ENTRIES SHOWN:
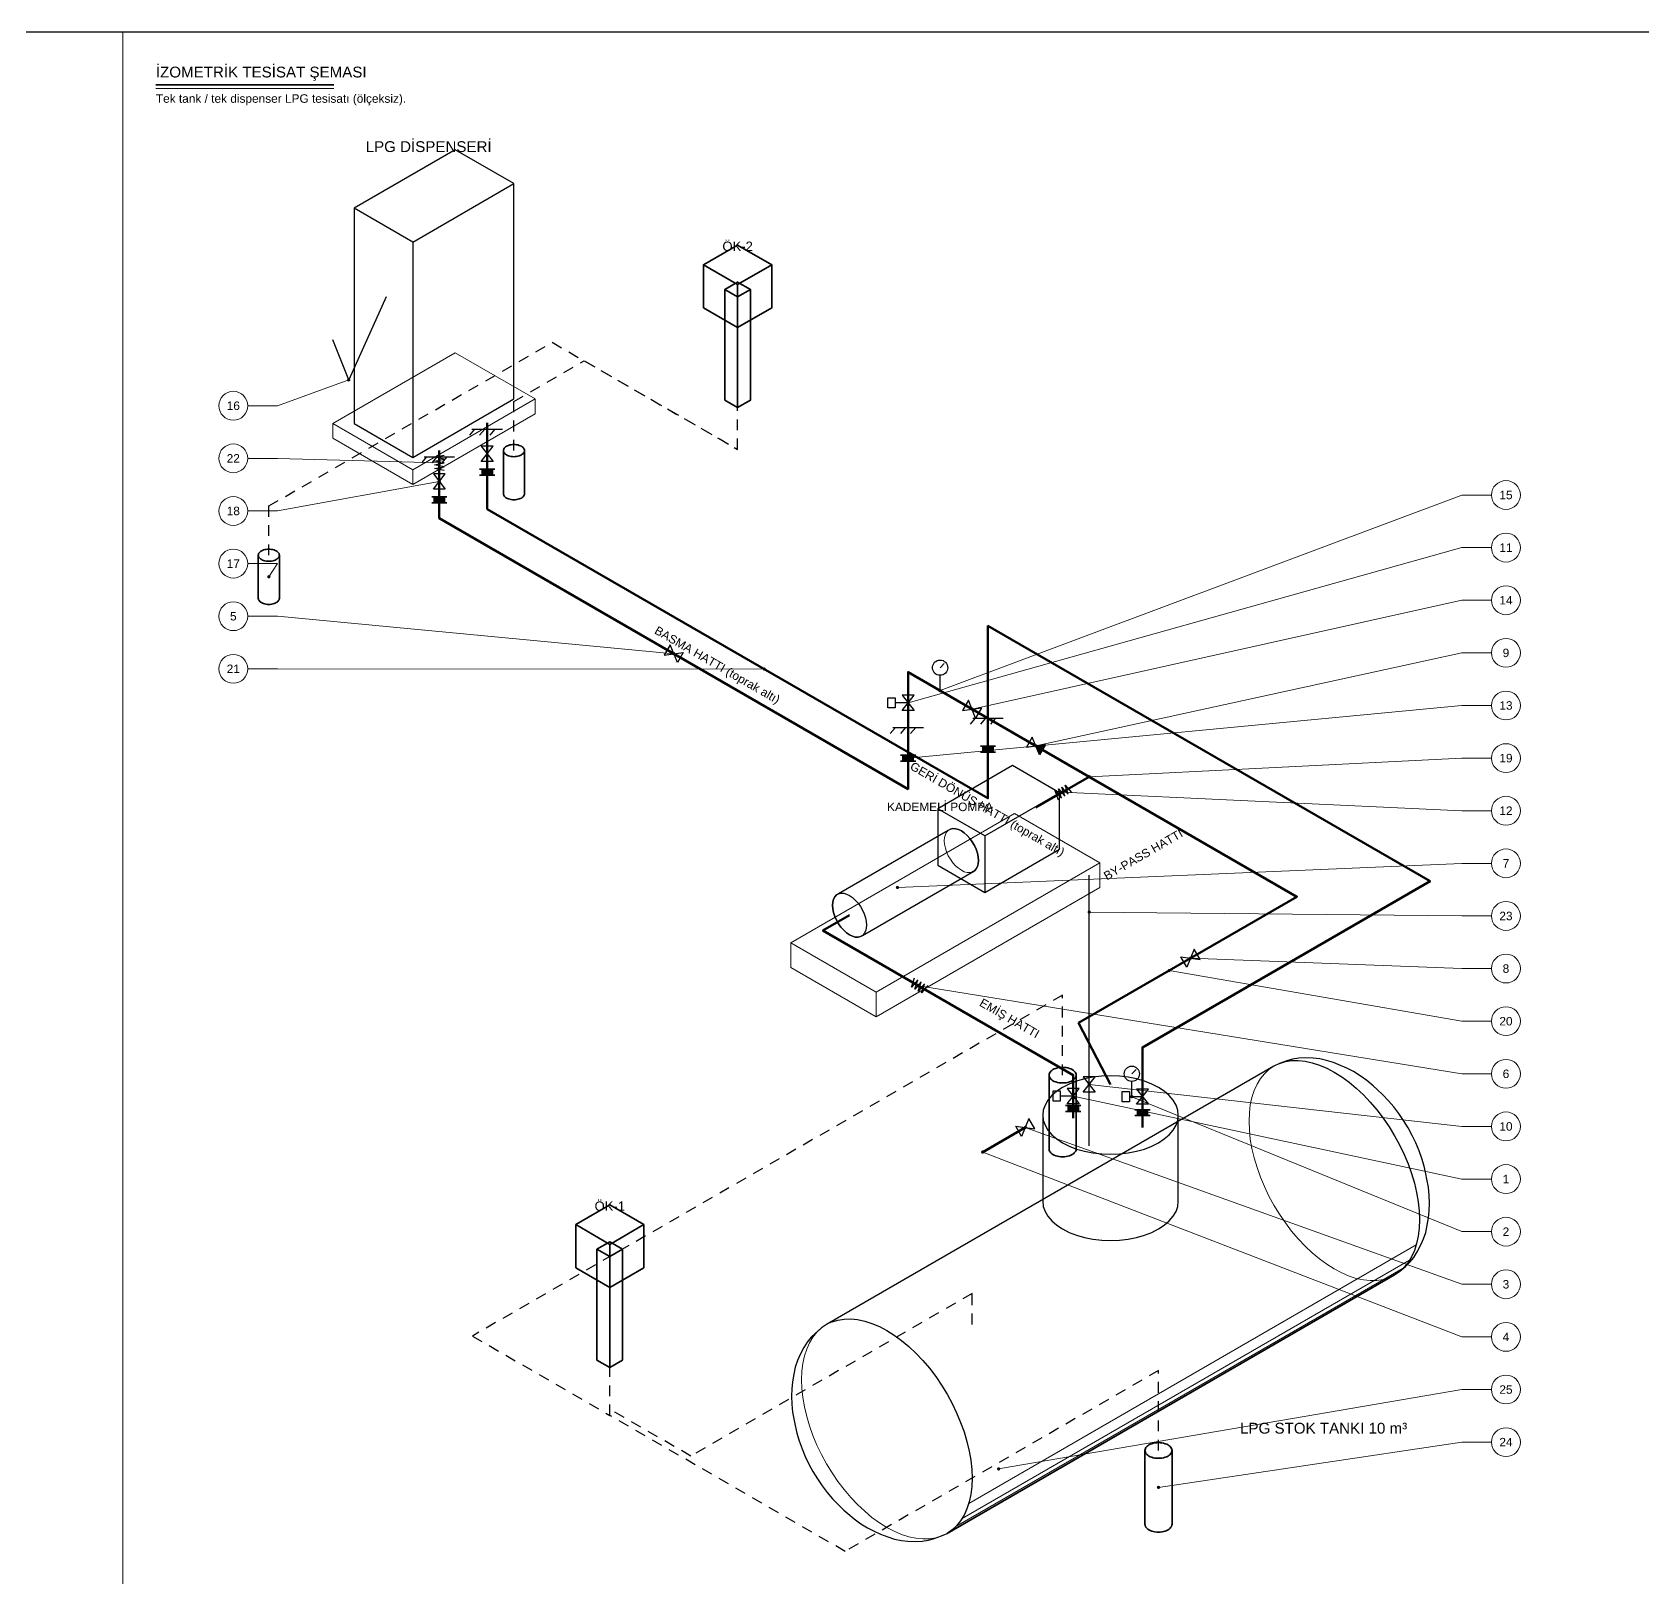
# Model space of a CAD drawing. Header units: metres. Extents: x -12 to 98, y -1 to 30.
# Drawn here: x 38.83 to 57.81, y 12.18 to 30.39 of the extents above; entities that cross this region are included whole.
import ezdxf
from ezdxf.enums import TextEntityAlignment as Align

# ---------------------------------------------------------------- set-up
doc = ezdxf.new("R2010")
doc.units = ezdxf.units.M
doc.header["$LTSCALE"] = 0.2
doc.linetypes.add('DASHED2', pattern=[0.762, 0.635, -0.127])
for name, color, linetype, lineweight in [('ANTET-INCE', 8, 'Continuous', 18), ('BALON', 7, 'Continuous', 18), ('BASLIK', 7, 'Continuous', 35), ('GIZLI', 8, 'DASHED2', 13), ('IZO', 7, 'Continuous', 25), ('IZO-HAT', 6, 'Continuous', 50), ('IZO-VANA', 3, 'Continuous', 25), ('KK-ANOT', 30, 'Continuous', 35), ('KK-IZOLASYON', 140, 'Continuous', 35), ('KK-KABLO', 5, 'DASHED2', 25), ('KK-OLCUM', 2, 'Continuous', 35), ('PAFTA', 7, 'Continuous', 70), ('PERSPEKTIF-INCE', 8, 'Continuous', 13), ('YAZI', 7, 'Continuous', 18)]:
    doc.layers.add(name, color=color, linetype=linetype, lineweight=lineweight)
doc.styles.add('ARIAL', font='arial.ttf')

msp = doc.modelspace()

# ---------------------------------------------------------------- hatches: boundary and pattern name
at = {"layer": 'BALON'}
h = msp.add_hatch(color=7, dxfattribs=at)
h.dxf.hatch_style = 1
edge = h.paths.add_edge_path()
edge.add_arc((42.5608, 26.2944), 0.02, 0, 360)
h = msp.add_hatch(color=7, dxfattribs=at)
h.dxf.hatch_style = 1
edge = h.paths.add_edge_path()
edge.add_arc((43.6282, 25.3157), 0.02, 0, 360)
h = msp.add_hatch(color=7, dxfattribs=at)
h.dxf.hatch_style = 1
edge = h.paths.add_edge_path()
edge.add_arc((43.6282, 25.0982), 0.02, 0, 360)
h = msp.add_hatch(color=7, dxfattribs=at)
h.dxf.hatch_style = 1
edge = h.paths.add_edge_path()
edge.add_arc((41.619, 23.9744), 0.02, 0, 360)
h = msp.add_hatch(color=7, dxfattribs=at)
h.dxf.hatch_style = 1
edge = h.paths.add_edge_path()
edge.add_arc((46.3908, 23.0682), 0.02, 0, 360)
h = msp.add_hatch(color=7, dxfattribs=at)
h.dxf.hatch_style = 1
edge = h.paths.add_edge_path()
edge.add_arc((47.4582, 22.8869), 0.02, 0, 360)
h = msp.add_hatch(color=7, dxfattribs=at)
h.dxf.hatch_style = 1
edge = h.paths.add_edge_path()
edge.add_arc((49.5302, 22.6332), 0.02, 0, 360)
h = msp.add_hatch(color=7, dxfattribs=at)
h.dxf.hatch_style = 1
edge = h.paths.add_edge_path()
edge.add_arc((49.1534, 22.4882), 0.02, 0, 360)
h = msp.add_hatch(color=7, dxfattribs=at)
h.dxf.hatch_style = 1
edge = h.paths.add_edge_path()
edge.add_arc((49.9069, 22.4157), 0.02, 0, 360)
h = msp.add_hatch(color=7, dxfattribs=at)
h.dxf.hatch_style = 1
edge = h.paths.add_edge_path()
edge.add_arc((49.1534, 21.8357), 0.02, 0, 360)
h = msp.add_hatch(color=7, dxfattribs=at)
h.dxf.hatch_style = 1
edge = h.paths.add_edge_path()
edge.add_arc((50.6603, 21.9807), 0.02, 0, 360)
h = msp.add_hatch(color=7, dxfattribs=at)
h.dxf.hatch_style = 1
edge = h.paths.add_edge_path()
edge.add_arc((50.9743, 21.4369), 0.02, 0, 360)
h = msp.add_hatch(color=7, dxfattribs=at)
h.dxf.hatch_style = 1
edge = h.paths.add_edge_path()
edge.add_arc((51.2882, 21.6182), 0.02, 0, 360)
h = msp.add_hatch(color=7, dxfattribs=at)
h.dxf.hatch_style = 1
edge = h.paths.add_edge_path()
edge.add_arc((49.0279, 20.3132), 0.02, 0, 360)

EXERCISE BRIEF: Where an entry contains an image, skip the image and write out the rest exactly.

TASK RESULT:
# Model space of a CAD drawing. Header units: metres. Extents: x -12 to 98, y -1 to 30.
# Drawn here: x 38.83 to 57.81, y 12.18 to 30.39 of the extents above; entities that cross this region are included whole.
import ezdxf
from ezdxf.enums import TextEntityAlignment as Align

# ---------------------------------------------------------------- set-up
doc = ezdxf.new("R2010")
doc.units = ezdxf.units.M
doc.header["$LTSCALE"] = 0.2
doc.linetypes.add('DASHED2', pattern=[0.762, 0.635, -0.127])
for name, color, linetype, lineweight in [('ANTET-INCE', 8, 'Continuous', 18), ('BALON', 7, 'Continuous', 18), ('BASLIK', 7, 'Continuous', 35), ('GIZLI', 8, 'DASHED2', 13), ('IZO', 7, 'Continuous', 25), ('IZO-HAT', 6, 'Continuous', 50), ('IZO-VANA', 3, 'Continuous', 25), ('KK-ANOT', 30, 'Continuous', 35), ('KK-IZOLASYON', 140, 'Continuous', 35), ('KK-KABLO', 5, 'DASHED2', 25), ('KK-OLCUM', 2, 'Continuous', 35), ('PAFTA', 7, 'Continuous', 70), ('PERSPEKTIF-INCE', 8, 'Continuous', 13), ('YAZI', 7, 'Continuous', 18)]:
    doc.layers.add(name, color=color, linetype=linetype, lineweight=lineweight)
doc.styles.add('ARIAL', font='arial.ttf')

msp = doc.modelspace()

# ---------------------------------------------------------------- hatches: boundary and pattern name
at = {"layer": 'BALON'}
h = msp.add_hatch(color=7, dxfattribs=at)
h.dxf.hatch_style = 1
edge = h.paths.add_edge_path()
edge.add_arc((42.5608, 26.2944), 0.02, 0, 360)
h = msp.add_hatch(color=7, dxfattribs=at)
h.dxf.hatch_style = 1
edge = h.paths.add_edge_path()
edge.add_arc((43.6282, 25.3157), 0.02, 0, 360)
h = msp.add_hatch(color=7, dxfattribs=at)
h.dxf.hatch_style = 1
edge = h.paths.add_edge_path()
edge.add_arc((43.6282, 25.0982), 0.02, 0, 360)
h = msp.add_hatch(color=7, dxfattribs=at)
h.dxf.hatch_style = 1
edge = h.paths.add_edge_path()
edge.add_arc((41.619, 23.9744), 0.02, 0, 360)
h = msp.add_hatch(color=7, dxfattribs=at)
h.dxf.hatch_style = 1
edge = h.paths.add_edge_path()
edge.add_arc((46.3908, 23.0682), 0.02, 0, 360)
h = msp.add_hatch(color=7, dxfattribs=at)
h.dxf.hatch_style = 1
edge = h.paths.add_edge_path()
edge.add_arc((47.4582, 22.8869), 0.02, 0, 360)
h = msp.add_hatch(color=7, dxfattribs=at)
h.dxf.hatch_style = 1
edge = h.paths.add_edge_path()
edge.add_arc((49.5302, 22.6332), 0.02, 0, 360)
h = msp.add_hatch(color=7, dxfattribs=at)
h.dxf.hatch_style = 1
edge = h.paths.add_edge_path()
edge.add_arc((49.1534, 22.4882), 0.02, 0, 360)
h = msp.add_hatch(color=7, dxfattribs=at)
h.dxf.hatch_style = 1
edge = h.paths.add_edge_path()
edge.add_arc((49.9069, 22.4157), 0.02, 0, 360)
h = msp.add_hatch(color=7, dxfattribs=at)
h.dxf.hatch_style = 1
edge = h.paths.add_edge_path()
edge.add_arc((49.1534, 21.8357), 0.02, 0, 360)
h = msp.add_hatch(color=7, dxfattribs=at)
h.dxf.hatch_style = 1
edge = h.paths.add_edge_path()
edge.add_arc((50.6603, 21.9807), 0.02, 0, 360)
h = msp.add_hatch(color=7, dxfattribs=at)
h.dxf.hatch_style = 1
edge = h.paths.add_edge_path()
edge.add_arc((50.9743, 21.4369), 0.02, 0, 360)
h = msp.add_hatch(color=7, dxfattribs=at)
h.dxf.hatch_style = 1
edge = h.paths.add_edge_path()
edge.add_arc((51.2882, 21.6182), 0.02, 0, 360)
h = msp.add_hatch(color=7, dxfattribs=at)
h.dxf.hatch_style = 1
edge = h.paths.add_edge_path()
edge.add_arc((49.0279, 20.3132), 0.02, 0, 360)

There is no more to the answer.